— Required work —
An identical copy of all records below is to be written out.

[Dataset items]

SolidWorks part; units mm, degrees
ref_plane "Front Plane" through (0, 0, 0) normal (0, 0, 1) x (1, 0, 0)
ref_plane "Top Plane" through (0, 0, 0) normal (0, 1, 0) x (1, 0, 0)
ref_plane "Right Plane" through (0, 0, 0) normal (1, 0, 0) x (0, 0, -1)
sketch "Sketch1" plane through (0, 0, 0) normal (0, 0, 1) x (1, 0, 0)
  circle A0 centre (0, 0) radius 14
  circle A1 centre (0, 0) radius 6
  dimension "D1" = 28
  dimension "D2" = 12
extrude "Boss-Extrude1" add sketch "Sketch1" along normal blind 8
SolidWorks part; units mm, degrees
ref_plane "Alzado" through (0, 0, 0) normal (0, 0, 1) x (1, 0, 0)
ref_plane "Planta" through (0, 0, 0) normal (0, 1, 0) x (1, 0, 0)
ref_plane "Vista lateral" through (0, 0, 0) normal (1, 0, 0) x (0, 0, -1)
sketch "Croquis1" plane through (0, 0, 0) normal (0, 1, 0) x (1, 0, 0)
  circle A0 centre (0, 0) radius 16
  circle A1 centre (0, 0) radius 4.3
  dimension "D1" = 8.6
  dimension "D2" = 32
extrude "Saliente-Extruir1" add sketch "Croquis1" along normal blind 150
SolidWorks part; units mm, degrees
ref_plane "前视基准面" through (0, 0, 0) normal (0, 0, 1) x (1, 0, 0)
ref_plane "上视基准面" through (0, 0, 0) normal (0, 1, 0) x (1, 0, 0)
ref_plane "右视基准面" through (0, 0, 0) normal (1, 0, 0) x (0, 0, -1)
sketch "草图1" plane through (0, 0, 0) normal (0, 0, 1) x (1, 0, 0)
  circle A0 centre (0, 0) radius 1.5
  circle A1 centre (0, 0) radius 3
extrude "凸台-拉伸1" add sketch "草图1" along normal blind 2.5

— Completed task —
SolidWorks part; units mm, degrees
ref_plane "Front Plane" through (0, 0, 0) normal (0, 0, 1) x (1, 0, 0)
ref_plane "Top Plane" through (0, 0, 0) normal (0, 1, 0) x (1, 0, 0)
ref_plane "Right Plane" through (0, 0, 0) normal (1, 0, 0) x (0, 0, -1)
sketch "Sketch1" plane through (0, 0, 0) normal (0, 0, 1) x (1, 0, 0)
  circle A0 centre (0, 0) radius 14
  circle A1 centre (0, 0) radius 6
  dimension "D1" = 28
  dimension "D2" = 12
extrude "Boss-Extrude1" add sketch "Sketch1" along normal blind 8
SolidWorks part; units mm, degrees
ref_plane "Alzado" through (0, 0, 0) normal (0, 0, 1) x (1, 0, 0)
ref_plane "Planta" through (0, 0, 0) normal (0, 1, 0) x (1, 0, 0)
ref_plane "Vista lateral" through (0, 0, 0) normal (1, 0, 0) x (0, 0, -1)
sketch "Croquis1" plane through (0, 0, 0) normal (0, 1, 0) x (1, 0, 0)
  circle A0 centre (0, 0) radius 16
  circle A1 centre (0, 0) radius 4.3
  dimension "D1" = 8.6
  dimension "D2" = 32
extrude "Saliente-Extruir1" add sketch "Croquis1" along normal blind 150
SolidWorks part; units mm, degrees
ref_plane "前视基准面" through (0, 0, 0) normal (0, 0, 1) x (1, 0, 0)
ref_plane "上视基准面" through (0, 0, 0) normal (0, 1, 0) x (1, 0, 0)
ref_plane "右视基准面" through (0, 0, 0) normal (1, 0, 0) x (0, 0, -1)
sketch "草图1" plane through (0, 0, 0) normal (0, 0, 1) x (1, 0, 0)
  circle A0 centre (0, 0) radius 1.5
  circle A1 centre (0, 0) radius 3
extrude "凸台-拉伸1" add sketch "草图1" along normal blind 2.5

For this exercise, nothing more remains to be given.